UNITED STATES

SECURITIES AND EXCHANGE COMMISSION

WASHINGTON, D.C. 20549  

 

 

FORM 8-K

 

CURRENT REPORT

 

Pursuant to Section 13 or 15(d) of the

Securities Exchange Act of 1934

 

June 6, 2018

Date of Report (Date of earliest event reported)

 

 

AMERCO

(Exact name of registrant as specified in its charter)

 

 

Nevada

1-11255

88-0106815

(State or other jurisdiction of incorporation)

(Commission File Number)

(I.R.S. Employer Identification No.)

 

5555 Kietzke Lane, Ste. 100

Reno, Nevada 89511

(Address of Principal Executive Offices)

 

(775) 688-6300

(Registrant’s telephone number, including area code)

 

 

Check the appropriate box below if the Form 8-K filing is intended to simultaneously satisfy the filing obligation of the registrant under any of the following provisions:

 

 

[ ]

Written communications pursuant to Rule 425 under the Securities Act (17 CFR 230.425)

 

 

[ ]

Soliciting material pursuant to Rule 14a-12 under the Exchange Act (17 CFR 240.14a-12)

 

 

[ ]

Pre-commencement communications pursuant to Rule 14d-2(b) under the Exchange Act (17 CFR 240.14d-2(b))

 

 

[ ]

Pre-commencement communications pursuant to Rule 13e-4(c) under the Exchange Act (17 CFR 240.13e-4(c))

 

 

 

 


 

Item 8.01.   Other Items

 

On June 7, 2018, AMERCO (the “Company”) announced that its Board of Directors declared a special cash dividend on its Common Stock of $0.50 per share payable to all shareholders of record of the Company’s Common Stock as of close of business on June 21, 2018. The payment date for the special dividend will be July 5, 2018.

 

The Company’s press release regarding the special dividend is included as Exhibit 99.1.

 

 

Item 9.01.   Financial Statements and Exhibits

 

(d) Exhibits.  

 

Exhibit No.

Description

99.1

Press release dated June 7, 2018.

 

 

 

SIGNATURE

 

Pursuant to the requirements of the Securities Exchange Act of 1934, the registrant has duly caused this report to be signed on its behalf by the undersigned hereunto duly authorized.

 

Dated: June 7, 2018

 

AMERCO

 

 

/s/ Jason A. Berg

Jason A. Berg

Chief Financial Officer

 

 

 

 

 


 

 

Exhibit Index

 

 

Exhibit No.

Description

99.1

Press release dated June 7, 2018.

 

 

 

 


Contact:

Sebastien Reyes

Director of Investor Relations

AMERCO

(602) 263-6601

sebastien_reyes@uhaul.com

 

AMERCO Announces Special Cash Dividend

 

Reno, Nev. (June 7, 2018) AMERCO (Nasdaq: UHAL), the parent of U-Haul International, Inc., Oxford Life Insurance Company, Repwest Insurance Company and Amerco Real Estate Company, on June 6, 2018, declared a special cash dividend on its Common Stock of $0.50 per share.
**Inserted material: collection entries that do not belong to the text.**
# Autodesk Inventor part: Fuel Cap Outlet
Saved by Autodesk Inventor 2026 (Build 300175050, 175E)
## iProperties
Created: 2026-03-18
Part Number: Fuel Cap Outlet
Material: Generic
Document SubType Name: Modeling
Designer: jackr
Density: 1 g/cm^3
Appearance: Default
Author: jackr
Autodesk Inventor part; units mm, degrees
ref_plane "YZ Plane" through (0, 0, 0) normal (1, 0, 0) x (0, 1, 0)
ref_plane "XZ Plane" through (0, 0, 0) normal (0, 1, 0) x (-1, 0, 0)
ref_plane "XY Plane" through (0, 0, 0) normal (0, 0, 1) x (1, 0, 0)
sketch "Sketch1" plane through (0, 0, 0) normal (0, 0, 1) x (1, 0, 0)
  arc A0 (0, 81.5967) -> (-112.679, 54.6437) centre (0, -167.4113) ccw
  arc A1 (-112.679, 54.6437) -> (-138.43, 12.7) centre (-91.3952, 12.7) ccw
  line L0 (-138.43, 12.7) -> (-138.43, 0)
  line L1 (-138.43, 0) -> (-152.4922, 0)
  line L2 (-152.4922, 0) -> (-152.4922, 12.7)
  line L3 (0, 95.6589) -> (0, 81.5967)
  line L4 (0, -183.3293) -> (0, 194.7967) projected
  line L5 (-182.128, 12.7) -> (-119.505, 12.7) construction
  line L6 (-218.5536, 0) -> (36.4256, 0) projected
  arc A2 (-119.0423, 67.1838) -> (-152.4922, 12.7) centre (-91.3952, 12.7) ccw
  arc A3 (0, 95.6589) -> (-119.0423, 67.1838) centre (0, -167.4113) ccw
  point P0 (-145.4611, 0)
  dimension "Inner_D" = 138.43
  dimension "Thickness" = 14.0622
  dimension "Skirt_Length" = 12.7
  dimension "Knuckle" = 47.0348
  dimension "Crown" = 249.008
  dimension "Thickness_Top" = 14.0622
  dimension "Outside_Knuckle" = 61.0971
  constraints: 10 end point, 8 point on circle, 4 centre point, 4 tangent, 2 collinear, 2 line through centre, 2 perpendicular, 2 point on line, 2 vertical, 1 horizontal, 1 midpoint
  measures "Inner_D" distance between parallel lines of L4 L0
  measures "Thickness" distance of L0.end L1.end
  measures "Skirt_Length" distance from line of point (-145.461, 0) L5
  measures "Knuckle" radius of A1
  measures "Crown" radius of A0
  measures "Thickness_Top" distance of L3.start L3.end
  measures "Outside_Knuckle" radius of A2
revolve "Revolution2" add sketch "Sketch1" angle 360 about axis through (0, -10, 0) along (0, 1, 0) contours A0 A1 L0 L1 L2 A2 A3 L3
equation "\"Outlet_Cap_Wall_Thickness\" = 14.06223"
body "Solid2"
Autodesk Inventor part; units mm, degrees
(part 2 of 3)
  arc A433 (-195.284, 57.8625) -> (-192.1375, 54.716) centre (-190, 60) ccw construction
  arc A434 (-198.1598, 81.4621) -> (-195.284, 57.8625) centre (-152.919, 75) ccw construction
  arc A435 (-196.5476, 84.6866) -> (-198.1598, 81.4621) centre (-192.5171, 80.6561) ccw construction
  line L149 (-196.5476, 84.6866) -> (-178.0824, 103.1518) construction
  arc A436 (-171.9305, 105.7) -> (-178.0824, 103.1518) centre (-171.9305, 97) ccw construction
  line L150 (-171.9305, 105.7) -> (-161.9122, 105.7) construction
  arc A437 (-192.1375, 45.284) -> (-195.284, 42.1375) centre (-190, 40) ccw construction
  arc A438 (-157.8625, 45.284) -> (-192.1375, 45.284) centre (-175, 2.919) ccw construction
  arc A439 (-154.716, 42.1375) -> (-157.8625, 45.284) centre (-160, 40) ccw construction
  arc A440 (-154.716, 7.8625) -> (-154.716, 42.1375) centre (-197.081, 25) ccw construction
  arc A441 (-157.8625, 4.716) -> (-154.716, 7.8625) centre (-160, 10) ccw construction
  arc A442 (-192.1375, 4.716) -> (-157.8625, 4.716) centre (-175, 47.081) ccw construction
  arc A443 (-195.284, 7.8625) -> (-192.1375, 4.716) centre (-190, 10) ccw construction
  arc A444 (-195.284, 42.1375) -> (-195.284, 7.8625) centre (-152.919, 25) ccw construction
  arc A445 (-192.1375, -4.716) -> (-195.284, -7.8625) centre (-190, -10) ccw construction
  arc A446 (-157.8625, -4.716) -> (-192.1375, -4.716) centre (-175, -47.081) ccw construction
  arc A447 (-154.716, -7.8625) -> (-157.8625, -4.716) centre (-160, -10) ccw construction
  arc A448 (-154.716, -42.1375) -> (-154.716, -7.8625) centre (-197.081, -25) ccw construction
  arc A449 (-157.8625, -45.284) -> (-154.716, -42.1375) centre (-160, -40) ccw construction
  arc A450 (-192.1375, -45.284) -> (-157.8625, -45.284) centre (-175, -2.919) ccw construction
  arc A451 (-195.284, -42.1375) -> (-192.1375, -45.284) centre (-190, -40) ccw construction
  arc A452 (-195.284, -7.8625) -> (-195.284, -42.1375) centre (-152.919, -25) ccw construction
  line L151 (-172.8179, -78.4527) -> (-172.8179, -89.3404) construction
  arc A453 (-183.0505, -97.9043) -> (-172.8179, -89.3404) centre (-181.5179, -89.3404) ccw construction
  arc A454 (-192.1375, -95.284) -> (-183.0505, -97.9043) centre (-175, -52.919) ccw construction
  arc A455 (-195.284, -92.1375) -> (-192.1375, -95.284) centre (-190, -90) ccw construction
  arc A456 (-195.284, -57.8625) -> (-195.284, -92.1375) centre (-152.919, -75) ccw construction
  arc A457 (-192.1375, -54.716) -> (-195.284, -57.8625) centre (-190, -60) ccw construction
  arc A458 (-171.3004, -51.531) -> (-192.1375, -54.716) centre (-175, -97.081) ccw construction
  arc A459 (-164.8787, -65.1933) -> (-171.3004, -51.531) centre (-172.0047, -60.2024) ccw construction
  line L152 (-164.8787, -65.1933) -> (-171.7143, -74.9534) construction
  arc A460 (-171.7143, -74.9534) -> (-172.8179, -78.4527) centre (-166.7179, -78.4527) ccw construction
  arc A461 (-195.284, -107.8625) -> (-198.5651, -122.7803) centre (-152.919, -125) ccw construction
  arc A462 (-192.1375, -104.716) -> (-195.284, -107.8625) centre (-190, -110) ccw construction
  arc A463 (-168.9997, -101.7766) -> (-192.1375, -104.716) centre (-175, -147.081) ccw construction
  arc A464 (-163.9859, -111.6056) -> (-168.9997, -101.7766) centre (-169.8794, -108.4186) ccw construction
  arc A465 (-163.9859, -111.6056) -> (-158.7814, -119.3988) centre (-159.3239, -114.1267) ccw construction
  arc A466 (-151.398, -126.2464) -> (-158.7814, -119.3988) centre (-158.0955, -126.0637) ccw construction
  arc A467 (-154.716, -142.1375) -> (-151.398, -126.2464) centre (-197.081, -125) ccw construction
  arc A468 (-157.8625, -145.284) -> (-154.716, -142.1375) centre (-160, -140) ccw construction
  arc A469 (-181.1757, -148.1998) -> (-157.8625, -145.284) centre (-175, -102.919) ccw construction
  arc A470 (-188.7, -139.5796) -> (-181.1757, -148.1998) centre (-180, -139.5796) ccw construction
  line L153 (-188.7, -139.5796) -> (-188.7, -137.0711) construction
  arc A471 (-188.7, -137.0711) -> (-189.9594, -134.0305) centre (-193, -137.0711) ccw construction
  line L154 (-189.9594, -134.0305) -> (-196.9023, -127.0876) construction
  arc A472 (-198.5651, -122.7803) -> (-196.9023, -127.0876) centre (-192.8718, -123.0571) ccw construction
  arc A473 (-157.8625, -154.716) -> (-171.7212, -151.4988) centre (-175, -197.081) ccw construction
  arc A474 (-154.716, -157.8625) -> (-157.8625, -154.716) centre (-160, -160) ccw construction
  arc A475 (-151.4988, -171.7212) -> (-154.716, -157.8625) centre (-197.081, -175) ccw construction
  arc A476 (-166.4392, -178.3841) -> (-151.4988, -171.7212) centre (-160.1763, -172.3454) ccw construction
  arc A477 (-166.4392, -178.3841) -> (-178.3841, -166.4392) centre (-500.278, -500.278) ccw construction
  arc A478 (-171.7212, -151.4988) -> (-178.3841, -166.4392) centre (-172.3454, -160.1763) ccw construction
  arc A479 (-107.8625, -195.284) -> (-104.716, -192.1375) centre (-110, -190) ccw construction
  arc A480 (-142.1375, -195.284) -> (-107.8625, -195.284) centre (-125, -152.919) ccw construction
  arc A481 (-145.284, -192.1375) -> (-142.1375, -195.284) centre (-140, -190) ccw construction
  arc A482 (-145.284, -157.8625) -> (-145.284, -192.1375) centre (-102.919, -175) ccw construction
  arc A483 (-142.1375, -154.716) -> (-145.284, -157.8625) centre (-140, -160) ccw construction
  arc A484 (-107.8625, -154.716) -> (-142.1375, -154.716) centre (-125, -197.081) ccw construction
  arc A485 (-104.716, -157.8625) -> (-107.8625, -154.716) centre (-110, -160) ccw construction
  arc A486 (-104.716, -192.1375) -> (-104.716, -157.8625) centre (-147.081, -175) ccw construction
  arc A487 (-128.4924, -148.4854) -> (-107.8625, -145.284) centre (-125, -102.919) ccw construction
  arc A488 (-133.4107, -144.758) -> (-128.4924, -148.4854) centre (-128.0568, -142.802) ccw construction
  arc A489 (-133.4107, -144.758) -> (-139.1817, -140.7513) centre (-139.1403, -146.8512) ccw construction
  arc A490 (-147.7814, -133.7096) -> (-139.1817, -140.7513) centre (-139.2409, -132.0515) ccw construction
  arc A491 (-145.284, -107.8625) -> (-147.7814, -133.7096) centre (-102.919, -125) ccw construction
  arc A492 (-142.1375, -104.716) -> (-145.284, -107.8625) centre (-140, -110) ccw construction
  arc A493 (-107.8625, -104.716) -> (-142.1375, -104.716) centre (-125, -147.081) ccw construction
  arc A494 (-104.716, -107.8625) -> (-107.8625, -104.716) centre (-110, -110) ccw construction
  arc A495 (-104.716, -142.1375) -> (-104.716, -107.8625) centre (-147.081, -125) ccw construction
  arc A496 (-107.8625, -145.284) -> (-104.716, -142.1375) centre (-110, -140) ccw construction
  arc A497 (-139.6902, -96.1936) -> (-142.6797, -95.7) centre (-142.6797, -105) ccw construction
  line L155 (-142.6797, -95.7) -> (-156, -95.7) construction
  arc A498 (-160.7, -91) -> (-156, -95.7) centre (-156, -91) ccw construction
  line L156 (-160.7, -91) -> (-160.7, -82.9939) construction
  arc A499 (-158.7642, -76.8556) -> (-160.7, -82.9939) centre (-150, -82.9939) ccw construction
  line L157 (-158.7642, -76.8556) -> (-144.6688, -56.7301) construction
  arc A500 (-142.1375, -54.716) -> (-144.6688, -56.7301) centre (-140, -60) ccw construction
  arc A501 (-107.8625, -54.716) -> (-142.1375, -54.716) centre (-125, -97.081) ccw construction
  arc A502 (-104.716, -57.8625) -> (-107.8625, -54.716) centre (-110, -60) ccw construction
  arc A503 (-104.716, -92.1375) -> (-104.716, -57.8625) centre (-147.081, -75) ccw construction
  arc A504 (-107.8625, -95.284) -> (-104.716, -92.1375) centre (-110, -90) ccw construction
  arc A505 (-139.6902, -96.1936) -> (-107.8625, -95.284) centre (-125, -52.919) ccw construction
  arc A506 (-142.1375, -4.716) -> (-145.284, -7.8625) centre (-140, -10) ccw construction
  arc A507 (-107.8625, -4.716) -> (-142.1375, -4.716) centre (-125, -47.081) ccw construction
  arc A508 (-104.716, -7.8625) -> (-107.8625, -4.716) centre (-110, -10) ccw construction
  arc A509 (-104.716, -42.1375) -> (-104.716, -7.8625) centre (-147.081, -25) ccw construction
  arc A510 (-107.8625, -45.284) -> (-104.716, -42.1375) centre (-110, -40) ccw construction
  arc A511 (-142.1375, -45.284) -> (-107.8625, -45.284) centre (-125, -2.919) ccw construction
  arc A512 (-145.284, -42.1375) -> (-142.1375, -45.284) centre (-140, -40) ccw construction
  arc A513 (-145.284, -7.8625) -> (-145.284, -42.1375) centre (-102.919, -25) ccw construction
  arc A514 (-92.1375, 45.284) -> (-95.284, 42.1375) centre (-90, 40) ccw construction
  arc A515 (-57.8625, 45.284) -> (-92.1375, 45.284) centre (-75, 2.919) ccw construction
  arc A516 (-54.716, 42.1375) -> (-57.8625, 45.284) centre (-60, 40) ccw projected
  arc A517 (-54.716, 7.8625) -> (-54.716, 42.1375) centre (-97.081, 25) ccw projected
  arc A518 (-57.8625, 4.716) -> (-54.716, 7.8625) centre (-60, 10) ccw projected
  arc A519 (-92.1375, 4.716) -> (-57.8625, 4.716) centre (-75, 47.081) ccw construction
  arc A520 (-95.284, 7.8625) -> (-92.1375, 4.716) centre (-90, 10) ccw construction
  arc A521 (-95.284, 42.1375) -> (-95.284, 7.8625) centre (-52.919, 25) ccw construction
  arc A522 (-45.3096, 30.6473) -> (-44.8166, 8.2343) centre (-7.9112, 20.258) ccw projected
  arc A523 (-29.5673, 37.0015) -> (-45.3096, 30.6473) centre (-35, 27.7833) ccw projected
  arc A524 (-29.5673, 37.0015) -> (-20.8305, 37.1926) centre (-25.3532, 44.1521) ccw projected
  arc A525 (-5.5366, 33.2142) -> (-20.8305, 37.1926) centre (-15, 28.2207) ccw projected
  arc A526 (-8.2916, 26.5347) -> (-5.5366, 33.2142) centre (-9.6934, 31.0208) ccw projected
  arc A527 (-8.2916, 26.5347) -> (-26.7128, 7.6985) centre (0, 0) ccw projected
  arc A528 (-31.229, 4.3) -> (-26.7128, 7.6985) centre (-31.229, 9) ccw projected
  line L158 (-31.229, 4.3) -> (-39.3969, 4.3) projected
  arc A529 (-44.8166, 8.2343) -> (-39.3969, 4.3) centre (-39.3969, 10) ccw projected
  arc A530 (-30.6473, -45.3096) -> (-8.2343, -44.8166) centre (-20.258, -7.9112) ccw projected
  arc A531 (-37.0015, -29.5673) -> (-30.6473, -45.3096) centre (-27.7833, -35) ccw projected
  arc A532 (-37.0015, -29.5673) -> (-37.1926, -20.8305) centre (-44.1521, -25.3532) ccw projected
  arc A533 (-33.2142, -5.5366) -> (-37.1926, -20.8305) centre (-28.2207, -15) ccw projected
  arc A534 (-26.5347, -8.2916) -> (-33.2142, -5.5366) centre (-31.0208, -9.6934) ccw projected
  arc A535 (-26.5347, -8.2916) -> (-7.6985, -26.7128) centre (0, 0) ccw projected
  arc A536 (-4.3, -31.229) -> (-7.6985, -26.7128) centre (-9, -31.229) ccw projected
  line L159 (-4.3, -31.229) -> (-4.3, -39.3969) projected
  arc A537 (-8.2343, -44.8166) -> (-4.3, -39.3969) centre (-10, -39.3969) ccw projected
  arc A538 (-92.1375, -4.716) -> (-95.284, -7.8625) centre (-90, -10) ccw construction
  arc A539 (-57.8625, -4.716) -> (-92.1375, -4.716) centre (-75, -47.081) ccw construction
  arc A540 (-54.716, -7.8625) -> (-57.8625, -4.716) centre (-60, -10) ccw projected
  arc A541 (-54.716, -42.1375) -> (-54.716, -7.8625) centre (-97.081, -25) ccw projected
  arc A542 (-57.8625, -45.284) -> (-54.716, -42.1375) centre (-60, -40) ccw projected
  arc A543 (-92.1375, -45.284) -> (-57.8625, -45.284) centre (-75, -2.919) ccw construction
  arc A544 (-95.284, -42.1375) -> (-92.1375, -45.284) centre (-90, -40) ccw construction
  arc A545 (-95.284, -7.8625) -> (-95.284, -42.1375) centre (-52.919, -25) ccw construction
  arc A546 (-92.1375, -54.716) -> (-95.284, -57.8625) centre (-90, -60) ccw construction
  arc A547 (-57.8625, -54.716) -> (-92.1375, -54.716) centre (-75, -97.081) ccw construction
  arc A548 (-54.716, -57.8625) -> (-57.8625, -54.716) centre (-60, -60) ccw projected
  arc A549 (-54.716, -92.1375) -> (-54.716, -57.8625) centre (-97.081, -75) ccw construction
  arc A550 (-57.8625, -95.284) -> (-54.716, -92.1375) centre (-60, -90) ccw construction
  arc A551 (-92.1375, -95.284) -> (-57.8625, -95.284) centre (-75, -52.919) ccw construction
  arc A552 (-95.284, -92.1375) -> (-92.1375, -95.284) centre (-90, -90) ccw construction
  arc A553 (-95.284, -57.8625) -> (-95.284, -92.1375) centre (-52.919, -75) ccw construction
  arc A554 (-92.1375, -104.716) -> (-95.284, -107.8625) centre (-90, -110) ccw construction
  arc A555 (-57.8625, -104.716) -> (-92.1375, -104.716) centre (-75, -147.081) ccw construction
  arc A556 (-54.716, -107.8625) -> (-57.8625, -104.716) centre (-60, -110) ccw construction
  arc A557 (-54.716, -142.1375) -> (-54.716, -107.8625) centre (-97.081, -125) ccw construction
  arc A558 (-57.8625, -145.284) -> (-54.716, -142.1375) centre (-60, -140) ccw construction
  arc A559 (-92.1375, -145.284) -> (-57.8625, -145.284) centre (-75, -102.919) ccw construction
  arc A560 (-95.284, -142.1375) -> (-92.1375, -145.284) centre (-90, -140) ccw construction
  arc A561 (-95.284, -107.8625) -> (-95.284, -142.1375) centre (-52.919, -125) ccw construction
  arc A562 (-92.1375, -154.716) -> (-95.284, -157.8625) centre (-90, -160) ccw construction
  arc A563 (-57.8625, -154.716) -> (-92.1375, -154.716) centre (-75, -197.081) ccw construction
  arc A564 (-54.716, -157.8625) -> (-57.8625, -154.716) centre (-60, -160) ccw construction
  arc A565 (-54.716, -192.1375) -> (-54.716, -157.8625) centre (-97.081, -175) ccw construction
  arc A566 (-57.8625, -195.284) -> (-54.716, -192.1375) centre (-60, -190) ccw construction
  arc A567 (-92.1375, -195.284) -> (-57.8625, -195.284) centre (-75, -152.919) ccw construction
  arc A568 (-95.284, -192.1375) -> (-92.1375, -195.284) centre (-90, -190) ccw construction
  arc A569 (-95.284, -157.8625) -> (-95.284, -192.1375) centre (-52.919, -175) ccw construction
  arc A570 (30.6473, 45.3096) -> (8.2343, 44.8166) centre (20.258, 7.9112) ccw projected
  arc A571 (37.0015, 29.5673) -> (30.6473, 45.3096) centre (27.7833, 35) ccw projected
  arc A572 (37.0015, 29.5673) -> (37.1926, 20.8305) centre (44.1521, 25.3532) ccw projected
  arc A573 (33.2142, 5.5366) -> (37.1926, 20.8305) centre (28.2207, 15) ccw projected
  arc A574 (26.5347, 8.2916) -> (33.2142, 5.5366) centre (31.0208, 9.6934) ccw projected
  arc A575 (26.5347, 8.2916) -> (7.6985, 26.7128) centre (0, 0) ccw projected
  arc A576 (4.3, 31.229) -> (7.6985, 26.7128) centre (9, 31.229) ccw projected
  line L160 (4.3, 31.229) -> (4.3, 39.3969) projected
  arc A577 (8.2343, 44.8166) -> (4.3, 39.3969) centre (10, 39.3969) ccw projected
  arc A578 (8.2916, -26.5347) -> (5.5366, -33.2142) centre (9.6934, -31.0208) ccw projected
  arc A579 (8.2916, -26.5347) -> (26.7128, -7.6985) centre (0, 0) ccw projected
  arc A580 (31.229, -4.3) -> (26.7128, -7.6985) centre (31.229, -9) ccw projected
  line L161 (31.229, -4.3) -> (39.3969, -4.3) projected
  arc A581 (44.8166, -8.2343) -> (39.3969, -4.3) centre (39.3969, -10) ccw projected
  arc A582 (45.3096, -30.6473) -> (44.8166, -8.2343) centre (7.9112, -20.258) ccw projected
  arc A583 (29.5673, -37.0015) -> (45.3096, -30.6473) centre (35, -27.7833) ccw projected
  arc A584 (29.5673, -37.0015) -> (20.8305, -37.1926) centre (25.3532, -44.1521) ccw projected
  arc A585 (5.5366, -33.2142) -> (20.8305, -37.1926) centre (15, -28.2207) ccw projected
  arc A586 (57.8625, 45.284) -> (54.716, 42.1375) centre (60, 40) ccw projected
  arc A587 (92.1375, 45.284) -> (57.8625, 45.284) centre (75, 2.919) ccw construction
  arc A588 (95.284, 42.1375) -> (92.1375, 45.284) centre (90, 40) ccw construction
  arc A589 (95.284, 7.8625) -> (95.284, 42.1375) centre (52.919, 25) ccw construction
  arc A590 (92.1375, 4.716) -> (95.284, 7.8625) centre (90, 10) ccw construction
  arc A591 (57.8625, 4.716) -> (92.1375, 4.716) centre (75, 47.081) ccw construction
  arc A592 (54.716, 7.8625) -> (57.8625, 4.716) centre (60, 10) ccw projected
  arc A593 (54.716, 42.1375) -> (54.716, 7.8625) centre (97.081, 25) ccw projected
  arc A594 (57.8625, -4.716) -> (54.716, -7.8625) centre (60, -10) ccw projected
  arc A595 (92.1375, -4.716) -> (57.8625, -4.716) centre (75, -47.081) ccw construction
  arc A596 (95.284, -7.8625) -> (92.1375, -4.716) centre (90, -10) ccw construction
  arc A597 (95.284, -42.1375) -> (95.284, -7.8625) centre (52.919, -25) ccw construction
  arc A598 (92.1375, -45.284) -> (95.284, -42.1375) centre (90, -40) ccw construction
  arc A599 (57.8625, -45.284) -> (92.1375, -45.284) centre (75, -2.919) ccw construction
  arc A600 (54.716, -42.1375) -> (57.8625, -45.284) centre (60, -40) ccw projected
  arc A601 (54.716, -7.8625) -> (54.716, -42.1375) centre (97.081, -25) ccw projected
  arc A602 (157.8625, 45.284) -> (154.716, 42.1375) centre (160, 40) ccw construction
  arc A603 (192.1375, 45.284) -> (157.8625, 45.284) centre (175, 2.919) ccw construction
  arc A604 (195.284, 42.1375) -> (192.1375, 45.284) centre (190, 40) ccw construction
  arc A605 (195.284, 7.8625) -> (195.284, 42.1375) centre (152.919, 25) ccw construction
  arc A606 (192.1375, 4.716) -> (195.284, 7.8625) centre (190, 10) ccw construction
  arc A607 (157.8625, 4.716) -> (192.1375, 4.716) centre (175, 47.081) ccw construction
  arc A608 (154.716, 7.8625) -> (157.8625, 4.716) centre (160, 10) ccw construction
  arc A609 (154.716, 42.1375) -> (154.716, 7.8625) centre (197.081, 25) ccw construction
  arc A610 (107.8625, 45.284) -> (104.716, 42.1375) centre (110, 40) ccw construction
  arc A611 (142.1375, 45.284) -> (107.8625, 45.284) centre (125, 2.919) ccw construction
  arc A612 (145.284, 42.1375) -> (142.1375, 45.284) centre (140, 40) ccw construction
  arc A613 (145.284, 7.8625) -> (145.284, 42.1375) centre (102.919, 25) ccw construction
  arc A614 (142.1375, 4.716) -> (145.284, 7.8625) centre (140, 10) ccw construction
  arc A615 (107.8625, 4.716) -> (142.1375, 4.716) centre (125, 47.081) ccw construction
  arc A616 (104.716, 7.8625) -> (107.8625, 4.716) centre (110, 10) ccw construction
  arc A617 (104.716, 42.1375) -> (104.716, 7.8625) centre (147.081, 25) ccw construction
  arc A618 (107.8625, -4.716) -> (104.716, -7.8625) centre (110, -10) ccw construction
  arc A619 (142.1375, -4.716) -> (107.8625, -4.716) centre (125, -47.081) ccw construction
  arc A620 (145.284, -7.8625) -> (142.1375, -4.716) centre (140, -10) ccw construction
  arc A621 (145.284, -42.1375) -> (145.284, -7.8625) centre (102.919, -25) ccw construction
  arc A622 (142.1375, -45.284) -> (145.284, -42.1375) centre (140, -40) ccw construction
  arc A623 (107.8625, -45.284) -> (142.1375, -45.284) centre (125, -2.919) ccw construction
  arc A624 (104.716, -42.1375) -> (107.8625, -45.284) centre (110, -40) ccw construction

The dividend will be payable July 5, 2018 to holders of record on June 21, 2018.

 

About AMERCO

 

AMERCO is the parent company of U-Haul International, Inc., Oxford Life Insurance Company, Repwest Insurance Company and Amerco Real Estate Company. U-Haul is in the shared use business and was founded on the fundamental philosophy that the division of use and specialization of ownership is good for both U-Haul customers and the environment.

 

About U-Haul

 

Since 1945, U-Haul has been the choice for the do-it-yourself mover. U-Haul customers' patronage has enabled the Company to maintain the largest rental fleet in the do-it-yourself moving industry which includes a fleet of trucks, trailers and towing devices. U-Haul also offers storage throughout North America. U-Haul is the consumer's number one choice as the largest installer of permanent trailer hitches in the automotive aftermarket industry. The Company supplies alternative-fuel for vehicles and backyard barbecues as one of the nation's largest retailers of propane.